There was a fabulous Vivienne Westwood Witches Collaboration T shirt with Keith Haring. It was in a binbag full of old clothes. I recognised it straight away. I do think it’s extraordinary that  I managed to save it, it is a piece of fashion history from the last collection she did with Malcolm Mclaren, a really important piece – and sometimes these things are destined for landfill. So it was amazing to find. It went in a fashion auction. Yes, the price wasn’t bad. But that’s not typical, that’s not necessarily the main criterion. [There's] the thrill of finding something in an old bag and then somebody coming along and trying it on and it looks amazing. The other day I was driving down Gallery Road…   somebody had bought a dress the week before, she’s a well known makeup designer, Alex Box,  and I saw her walking down the road with her sleeves flapping -  ‘cos this dress had these amazing sleeves. Something she’s bought from me the week before, to see people wearing it in the street and obviously loving it, that’s just great.

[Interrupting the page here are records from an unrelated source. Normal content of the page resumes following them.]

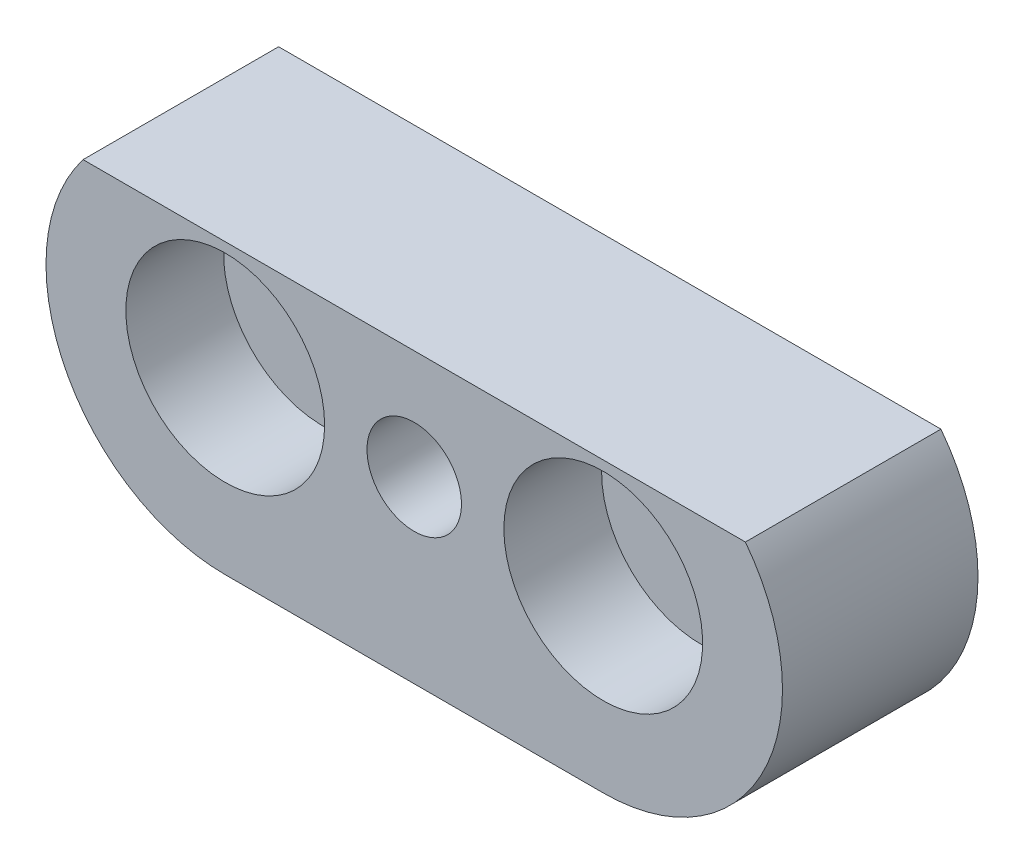
from build123d import *

# Parameters (mm, degrees)
SKETCH1_R           = 3.5
SKETCH1_R_2         = 3.1
EXTRUDE_THIN1_DEPTH = 2
BOSS_EXTRUDE1_DEPTH = 4
SKETCH3_R           = 3.05
CUT_EXTRUDE1_DEPTH  = 3
CUT_EXTRUDE2_REACH  = 15.016
SKETCH4_R           = 1.45
BOSS_EXTRUDE2_START = 2
SKETCH5_R           = 1.45
BOSS_EXTRUDE2_DEPTH = 2
FILLET1_R           = 1
EXTRUDE_THIN2_START = -6
EXTRUDE_THIN2_DEPTH = 6
CUT_EXTRUDE3_REACH  = 17.557


with BuildPart() as part:
    # Sketch1 → Extrude-Thin1 (new body)
    with BuildSketch(Plane.XY):
        with Locations((-5.8, 3.35)):
            Circle(SKETCH1_R)
        with Locations((-5.8, 3.35)):
            Circle(SKETCH1_R_2, mode=Mode.SUBTRACT)
    extrude(amount=EXTRUDE_THIN1_DEPTH)


with BuildPart() as body_2:
    # Mirror3: mirrored copy
    add(part.part.mirror(Plane(origin=(0, 0, 0), x_dir=(0, 0, 1), z_dir=(1, 0, 0))))


with BuildPart() as part_1:
    add(part.part)

    add(body_2.part)  # Boss-Extrude1 merges body 2
    # Sketch2 → Boss-Extrude1 (add)
    with BuildSketch(Plane.XY.offset(2)):
        with BuildLine():
            Line((-5.8, 6.85), (5.8, 6.85))
            ThreePointArc((5.8, 6.85), (9.3, 3.35), (5.8, -0.15))
            Line((5.8, -0.15), (-5.8, -0.15))
            ThreePointArc((-5.8, -0.15), (-9.3, 3.35), (-5.8, 6.85))
        make_face()
    extrude(amount=BOSS_EXTRUDE1_DEPTH)

    # Sketch3 → Cut-Extrude1 (cut)
    with BuildSketch(Plane.XY.offset(6)):
        with Locations((-5.8, 3.35)):
            Circle(SKETCH3_R)
    cut_extrude1 = extrude(amount=-CUT_EXTRUDE1_DEPTH, mode=Mode.SUBTRACT)

    # Mirror4: Cut-Extrude1 across plane
    add(cut_extrude1.mirror(Plane(origin=(0, 0, 0), x_dir=(0, 0, 1), z_dir=(1, 0, 0))), mode=Mode.SUBTRACT)

    # Sketch4 → Cut-Extrude2 (cut, up to next)
    with BuildSketch(Plane.XY.offset(6), mode=Mode.PRIVATE) as cut_extrude2_sk1:
        with Locations((0, 3.35)):
            Circle(SKETCH4_R)
    cut_extrude2_tool1 = extrude(cut_extrude2_sk1.sketch, amount=-CUT_EXTRUDE2_REACH, mode=Mode.PRIVATE) & part_1.part
    add(cut_extrude2_tool1.solids().sort_by_distance((0, 3.35, 6))[0], mode=Mode.SUBTRACT)

    # Sketch5 → Boss-Extrude2 (add)
    with BuildSketch(Plane(origin=(0, 0, 2), x_dir=(-1, 0, 0), z_dir=(0, 0, -1)).offset(BOSS_EXTRUDE2_START)):
        with BuildLine():
            Line((-5.8, -0.15), (5.8, -0.15))
            ThreePointArc((5.8, -0.15), (2.3, 3.35), (5.8, 6.85))
            Line((5.8, 6.85), (-5.8, 6.85))
            ThreePointArc((-5.8, 6.85), (-2.3, 3.35), (-5.8, -0.15))
        make_face()
        with Locations(Location((0, 3.35, 0), (0, 0, 180))):
            Circle(SKETCH5_R, mode=Mode.SUBTRACT)
    extrude(amount=-BOSS_EXTRUDE2_DEPTH)

    # Fillet1
    fillet1_edges = [part_1.edges().sort_by_distance(p)[0] for p in [
        (-8.9, 3.35, 2),
        (8.9, 3.35, 2),
    ]]
    fillet(fillet1_edges, radius=FILLET1_R)

    # Sketch6 → Extrude-Thin2 (add)
    with BuildSketch(Plane.XY.offset(6).offset(EXTRUDE_THIN2_START)):
        with BuildLine():
            Line((5.8, 8.85), (-5.8, 8.85))
            ThreePointArc((-5.8, 8.85), (-11.3, 3.35), (-5.8, -2.15))
            Line((-5.8, -2.15), (5.8, -2.15))
            ThreePointArc((5.8, -2.15), (11.3, 3.35), (5.8, 8.85))
        make_face()
        with BuildLine():
            Line((5.8, 6.85), (-5.8, 6.85))
            ThreePointArc((-5.8, 6.85), (-9.3, 3.35), (-5.8, -0.15))
            Line((-5.8, -0.15), (5.8, -0.15))
            ThreePointArc((5.8, -0.15), (9.3, 3.35), (5.8, 6.85))
        make_face(mode=Mode.SUBTRACT)
    extrude(amount=EXTRUDE_THIN2_DEPTH)

    # Sketch7 → Cut-Extrude3 (cut, up to next)
    with BuildSketch(Plane.XY.offset(6), mode=Mode.PRIVATE) as cut_extrude3_sk1:
        with BuildLine():
            Line((-10.162052269, 6.7), (10.162052269, 6.7))
            ThreePointArc((10.162052269, 6.7), (8.231563283, 8.28330518), (5.8, 8.85))
            Line((5.8, 8.85), (-5.8, 8.85))
            ThreePointArc((-5.8, 8.85), (-8.231563283, 8.28330518), (-10.162052269, 6.7))
        make_face()
    cut_extrude3_tool1 = extrude(cut_extrude3_sk1.sketch, amount=-CUT_EXTRUDE3_REACH, mode=Mode.PRIVATE) & part_1.part
    add(cut_extrude3_tool1.solids().sort_by_distance((0, 7.706585, 6))[0], mode=Mode.SUBTRACT)


solid = part_1.part
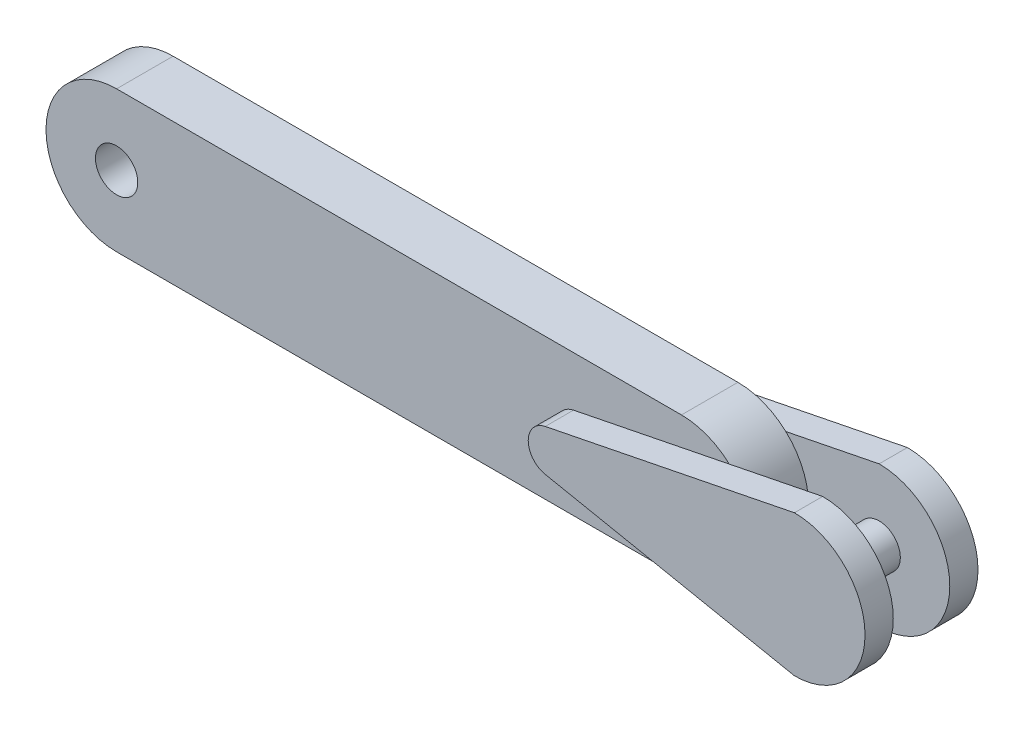
from build123d import *

# Parameters (mm, degrees)
BOSS_EXTRUDE2_DEPTH = 40
CUT_EXTRUDE6_DEPTH  = 20
SKETCH11_R          = 15
BOSS_EXTRUDE3_DEPTH = 80
CUT_EXTRUDE7_DEPTH  = 20
CUT_EXTRUDE9_START  = -20
CUT_EXTRUDE9_DEPTH  = 20
SKETCH15_R          = 15
CUT_EXTRUDE10_DEPTH = 40


with BuildPart() as part:
    # Sketch4 → Boss-Extrude2 (new, symmetric)
    with BuildSketch(Plane.XY):
        with BuildLine():
            Line((-250, 50), (250, 50))
            ThreePointArc((250, 50), (300, 0), (250, -50))
            Line((250, -50), (-250, -50))
            ThreePointArc((-250, -50), (-300, 0), (-250, 50))
        make_face()
    extrude(amount=BOSS_EXTRUDE2_DEPTH, both=True)

    # Sketch10 → Cut-Extrude6 (cut, symmetric)
    with BuildSketch(Plane.XY):
        with BuildLine():
            Line((150, 50), (250, 50))
            ThreePointArc((250, 50), (300, 0), (250, -50))
            Line((250, -50), (150, -50))
            ThreePointArc((150, -50), (200, 0), (150, 50))
        make_face()
    extrude(amount=CUT_EXTRUDE6_DEPTH, both=True, mode=Mode.SUBTRACT)

    # Sketch11 → Boss-Extrude3 (add)
    with BuildSketch(Plane.XY.offset(40)):
        with Locations((250, 0)):
            Circle(SKETCH11_R)
    extrude(amount=-BOSS_EXTRUDE3_DEPTH)

    # Sketch12 → Cut-Extrude7 (cut)
    with BuildSketch(Plane.XY.offset(40)):
        with BuildLine():
            Line((250, 50), (73.543550677, 14.708710135))
            ThreePointArc((73.543550677, 14.708710135), (61.485292704, 0), (73.543550677, -14.708710135))
            Line((73.543550677, -14.708710135), (250, -50))
            Line((250, -50), (-250, -50))
            ThreePointArc((-250, -50), (-300, 0), (-250, 50))
            Line((-250, 50), (250, 50))
        make_face()
    extrude(amount=-CUT_EXTRUDE7_DEPTH, mode=Mode.SUBTRACT)

    # Sketch14 → Cut-Extrude9 (cut)
    with BuildSketch(Plane(origin=(0, 0, -40), x_dir=(-1, 0, 0), z_dir=(0, 0, -1)).offset(CUT_EXTRUDE9_START)):
        with BuildLine():
            Line((-73.543550677, -14.708710135), (-250, -50))
            Line((-250, -50), (250, -50))
            ThreePointArc((250, -50), (300, 0), (250, 50))
            Line((250, 50), (-250, 50))
            Line((-250, 50), (-73.543550677, 14.708710135))
            ThreePointArc((-73.543550677, 14.708710135), (-61.485292704, 0), (-73.543550677, -14.708710135))
        make_face()
    extrude(amount=CUT_EXTRUDE9_DEPTH, mode=Mode.SUBTRACT)

    # Sketch15 → Cut-Extrude10 (cut)
    with BuildSketch(Plane(origin=(0, 0, -20), x_dir=(-1, 0, 0), z_dir=(0, 0, -1))):
        with Locations((250, 0)):
            Circle(SKETCH15_R)
    extrude(amount=-CUT_EXTRUDE10_DEPTH, mode=Mode.SUBTRACT)


with BuildPart() as part_1:
    # Body-Move/Copy1: moved
    add(part.part.moved(Location((250, 0, 0))))


solid = part_1.part
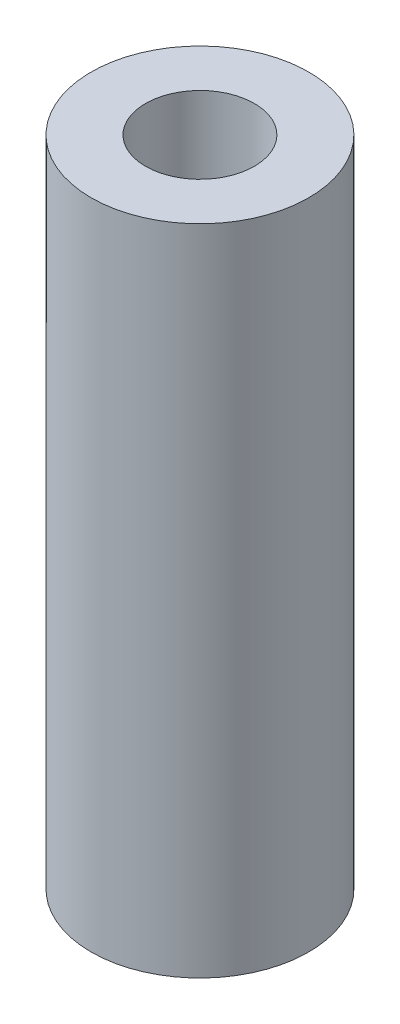
from build123d import *

# Parameters (mm, degrees)
SKETCH1_R           = 2.5
SKETCH1_R_2         = 1.25
BOSS_EXTRUDE1_DEPTH = 15


with BuildPart() as part:
    # Sketch1 → Boss-Extrude1 (new body)
    with BuildSketch(Plane(origin=(0, 0, 0), x_dir=(1, 0, 0), z_dir=(0, 1, 0))):
        with Locations(Location((0, 0, 0), (0, 0, 270))):
            Circle(SKETCH1_R)
        with Locations(Location((0, 0, 0), (0, 0, 270))):
            Circle(SKETCH1_R_2, mode=Mode.SUBTRACT)
    extrude(amount=BOSS_EXTRUDE1_DEPTH)


solid = part.part
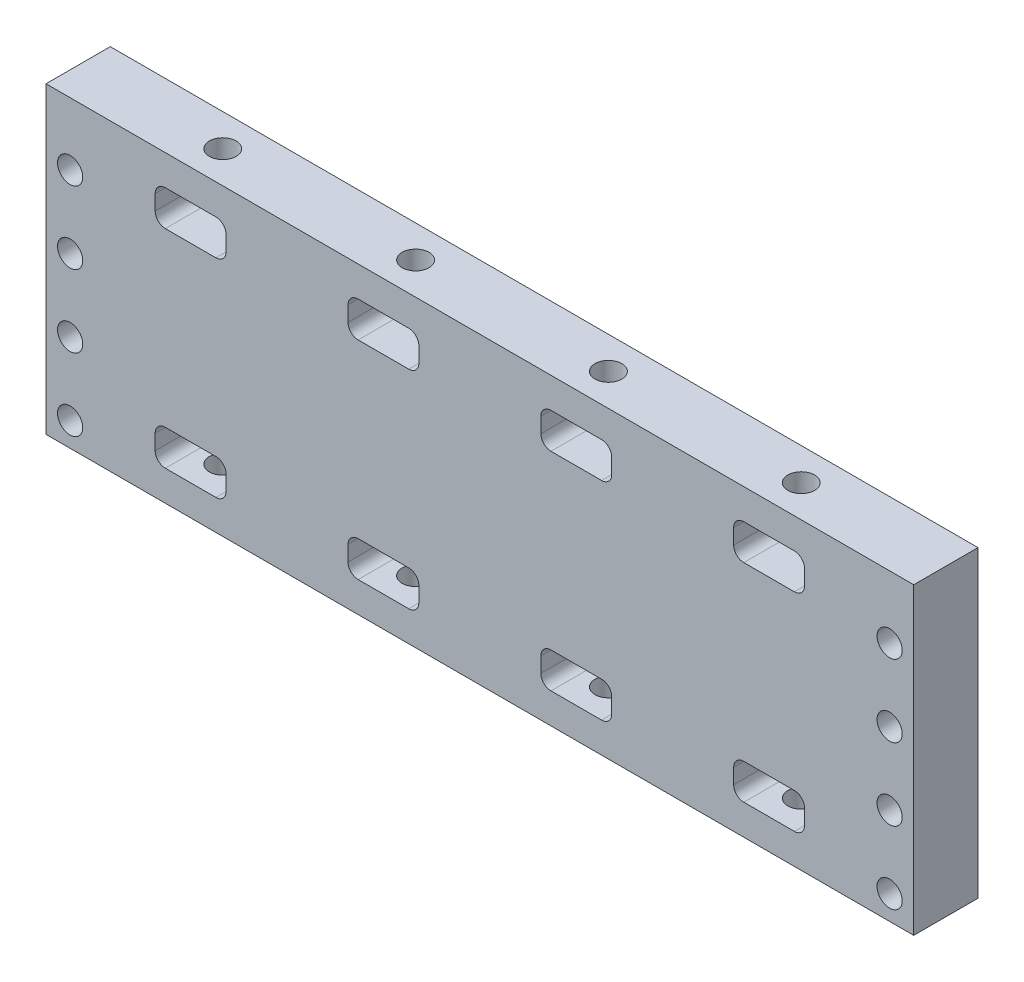
from build123d import *

# Parameters (mm, degrees)
SKETCH1_W                    = 171.45
SKETCH1_H                    = 60
BOSS_EXTRUDE1_DEPTH          = 6.35
F_10_CLEARANCE_HOLE1_D       = 4.9784
SKETCH12_W                   = 14
SKETCH12_H                   = 7
CUT_EXTRUDE4_DEPTH           = 92.706409945
FILLET2_R                    = 2
FILLET2_OF_SKETCH_PATTERN1_R = 2
M5_CLEARANCE_HOLE2_D         = 5.3
M5_CLEARANCE_HOLE2_DEPTH     = 6
M5_CLEARANCE_HOLE3_D         = 5.3
M5_CLEARANCE_HOLE3_DEPTH     = 6


with BuildPart() as part:
    # Sketch1 → Boss-Extrude1 (new, symmetric)
    with BuildSketch(Plane.XY):
        Rectangle(SKETCH1_W, SKETCH1_H)
    extrude(amount=BOSS_EXTRUDE1_DEPTH, both=True)

    # #10 Clearance Hole1 (through all)
    with Locations(Plane.XY.offset(6.35)):
        with Locations((-80.9625, 17.625), (-80.9625, 3.3375), (-80.9625, -10.95), (-80.9625, -25.2375), (80.9625, 17.625), (80.9625, 3.3375), (80.9625, -10.95), (80.9625, -25.2375)):
            Hole(F_10_CLEARANCE_HOLE1_D / 2)

    # Sketch12 → Cut-Extrude4 (cut, through all)
    with BuildSketch(Plane.XY.offset(6.35)):
        with Locations((-57.15, 20.5)):
            Rectangle(SKETCH12_W, SKETCH12_H)
    cut_extrude4 = extrude(amount=-CUT_EXTRUDE4_DEPTH, mode=Mode.SUBTRACT)

    # Fillet2
    fillet2_edges = [part.edges().sort_by_distance(p)[0] for p in [
        (-50.15, 24, 0),
        (-50.15, 17, 0),
        (-64.15, 17, 0),
        (-64.15, 24, 0),
    ]]
    fillet(fillet2_edges, radius=FILLET2_R)

    # Sketch-Pattern1: Cut-Extrude4 at 7 more places
    with Locations((38.1, 0, 0), (76.2, 0, 0), (114.3, 0, 0), (114.3, -41, 0), (76.2, -41, 0), (0, -41, 0), (38.1, -41, 0)):
        add(cut_extrude4, mode=Mode.SUBTRACT)

    # Fillet2 of Sketch-Pattern1
    fillet2_of_sketch_pattern1_edges = [part.edges().sort_by_distance(p)[0] for p in [
        (-12.05, 24, 0),
        (-12.05, 17, 0),
        (-26.05, 17, 0),
        (-26.05, 24, 0),
        (26.05, 24, 0),
        (26.05, 17, 0),
        (12.05, 17, 0),
        (12.05, 24, 0),
        (64.15, 24, 0),
        (64.15, 17, 0),
        (50.15, 17, 0),
        (50.15, 24, 0),
        (64.15, -17, 0),
        (64.15, -24, 0),
        (50.15, -24, 0),
        (50.15, -17, 0),
        (26.05, -17, 0),
        (26.05, -24, 0),
        (12.05, -24, 0),
        (12.05, -17, 0),
        (-50.15, -17, 0),
        (-50.15, -24, 0),
        (-64.15, -24, 0),
        (-64.15, -17, 0),
        (-12.05, -17, 0),
        (-12.05, -24, 0),
        (-26.05, -24, 0),
        (-26.05, -17, 0),
    ]]
    fillet(fillet2_of_sketch_pattern1_edges, radius=FILLET2_OF_SKETCH_PATTERN1_R)

    # M5 Clearance Hole2
    with Locations(Plane(origin=(0, 30, 0), x_dir=(1, 0, 0), z_dir=(0, 1, 0))):
        with Locations((-57.15, 0), (-19.05, 0), (19.05, 0), (57.15, 0)):
            Hole(M5_CLEARANCE_HOLE2_D / 2, depth=M5_CLEARANCE_HOLE2_DEPTH)

    # M5 Clearance Hole3
    with Locations(Plane(origin=(0, -30, 0), x_dir=(-1, 0, 0), z_dir=(0, -1, 0))):
        with Locations((-57.15, 0), (-19.05, 0), (19.05, 0), (57.15, 0)):
            Hole(M5_CLEARANCE_HOLE3_D / 2, depth=M5_CLEARANCE_HOLE3_DEPTH)


solid = part.part
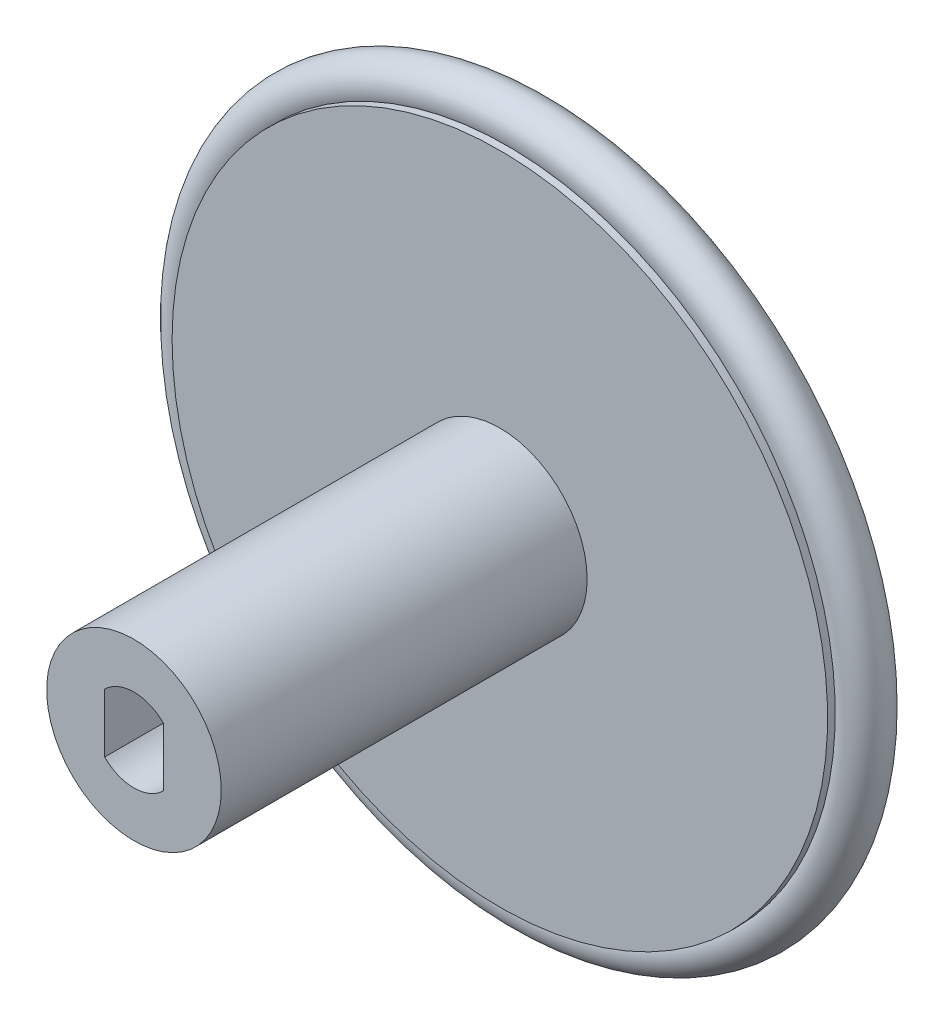
from build123d import *

# Parameters (mm, degrees)
CROQUIS3_R              = 5.725
SALIENTE_EXTRUIR2_DEPTH = 24
SALIENTE_EXTRUIR3_REACH = 48.199
SALIENTE_EXTRUIR3_START = -5
CROQUIS5_R              = 1.5


with BuildPart() as part:
    # Croquis1 → Revolución1 (revolve)
    with BuildSketch(Plane(origin=(0, 0, 0), x_dir=(0, 0, -1), z_dir=(1, 0, 0)), mode=Mode.PRIVATE) as revoluci_n1_sk:
        Polygon((-1.9, 0), (-1.9, 21.5), (-1.4, 21.5), (-0.5, 19.000153831), (0.5, 19.000153831), (1.4, 21.5), (1.9, 21.5), (1.9, 0), align=None)
    revolve(revoluci_n1_sk.sketch.rotate(Axis((0, 0, -6.227056579), (0, 0, 1)), 90), axis=Axis((0, 0, -6.227056579), (0, 0, 1)))

    # Croquis3 → Saliente-Extruir2 (add)
    with BuildSketch(Plane.XY.offset(1.9)):
        Circle(CROQUIS3_R)
        with BuildLine():
            Line((-1.925, 1.928730152), (-1.925, -1.928730152))
            ThreePointArc((-1.925, -1.928730152), (0, -2.725), (1.925, -1.928730152))
            Line((1.925, -1.928730152), (1.925, 1.928730152))
            ThreePointArc((1.925, 1.928730152), (0, 2.725), (-1.925, 1.928730152))
        make_face(mode=Mode.SUBTRACT)
    extrude(amount=SALIENTE_EXTRUIR2_DEPTH)

    # Croquis4 → Saliente-Extruir3 (add, up to next)
    with BuildSketch(Plane.XY.offset(25.9).offset(SALIENTE_EXTRUIR3_START), mode=Mode.PRIVATE) as saliente_extruir3_sk1:
        with BuildLine():
            Line((-1.925, 1.928730152), (-1.925, -1.928730152))
            ThreePointArc((-1.925, -1.928730152), (0, -2.725), (1.925, -1.928730152))
            Line((1.925, -1.928730152), (1.925, 1.928730152))
            ThreePointArc((1.925, 1.928730152), (0, 2.725), (-1.925, 1.928730152))
        make_face()
    saliente_extruir3_tool1 = extrude(saliente_extruir3_sk1.sketch, amount=-SALIENTE_EXTRUIR3_REACH, mode=Mode.PRIVATE) - part.part
    add(saliente_extruir3_tool1.solids().sort_by_distance((0, 0, 20.9))[0])


with BuildPart() as body_2:
    # Croquis5 → Revolución2 (revolve)
    with BuildSketch(Plane(origin=(0, 0, 0), x_dir=(0, 0, -1), z_dir=(1, 0, 0)), mode=Mode.PRIVATE) as revoluci_n2_sk:
        with Locations((0, 22.039552594)):
            Circle(CROQUIS5_R)
    revolve(revoluci_n2_sk.sketch.rotate(Axis((0, 0, 9.093206655), (0, 0, -1)), 90), axis=Axis((0, 0, 9.093206655), (0, 0, -1)))


solid = Compound([part.part, body_2.part])

Markets are in your blood, I hear…
I discovered that, when I did my mum’s family research, because she was fostered. I didn’t grow up in South London but I’d moved here – and my great-great-grandfather Thomas Moorehouse had a market stall in Brixton, selling hot potatoes in the winter and ice cream in the summer. And he was living in practically the same place, cause I  lived on the Barrier Block,  and his street was right by where I first started my market stall at Brixton. So there was this overlaying, generations of us trading in the same places. Some of them were born in Stockwell Street in Greenwich, over the Spreadeagle, and that’s where our market stall was – they weren’t posh, they were living in rooms. That was my great aunt.  And my grandfather, whose father was the ice-cream salesman, lived in Fournier Street in what was a young boys’ home.

Is that part of the fascination of markets? This resonance of the people who’ve been working in them, for centuries back through our history?
Definitely, I couldn’t have been more thrilled when I found those things out about my family, because we didn’t know. And I hope the markets will go on like that, and continue. But it’s a difficult thing.

Heather John is at the Dulwich Collectors Fair, last Sunday of most months; her shop, Chichirara, is at 18a Upland Road, Peckham Rye.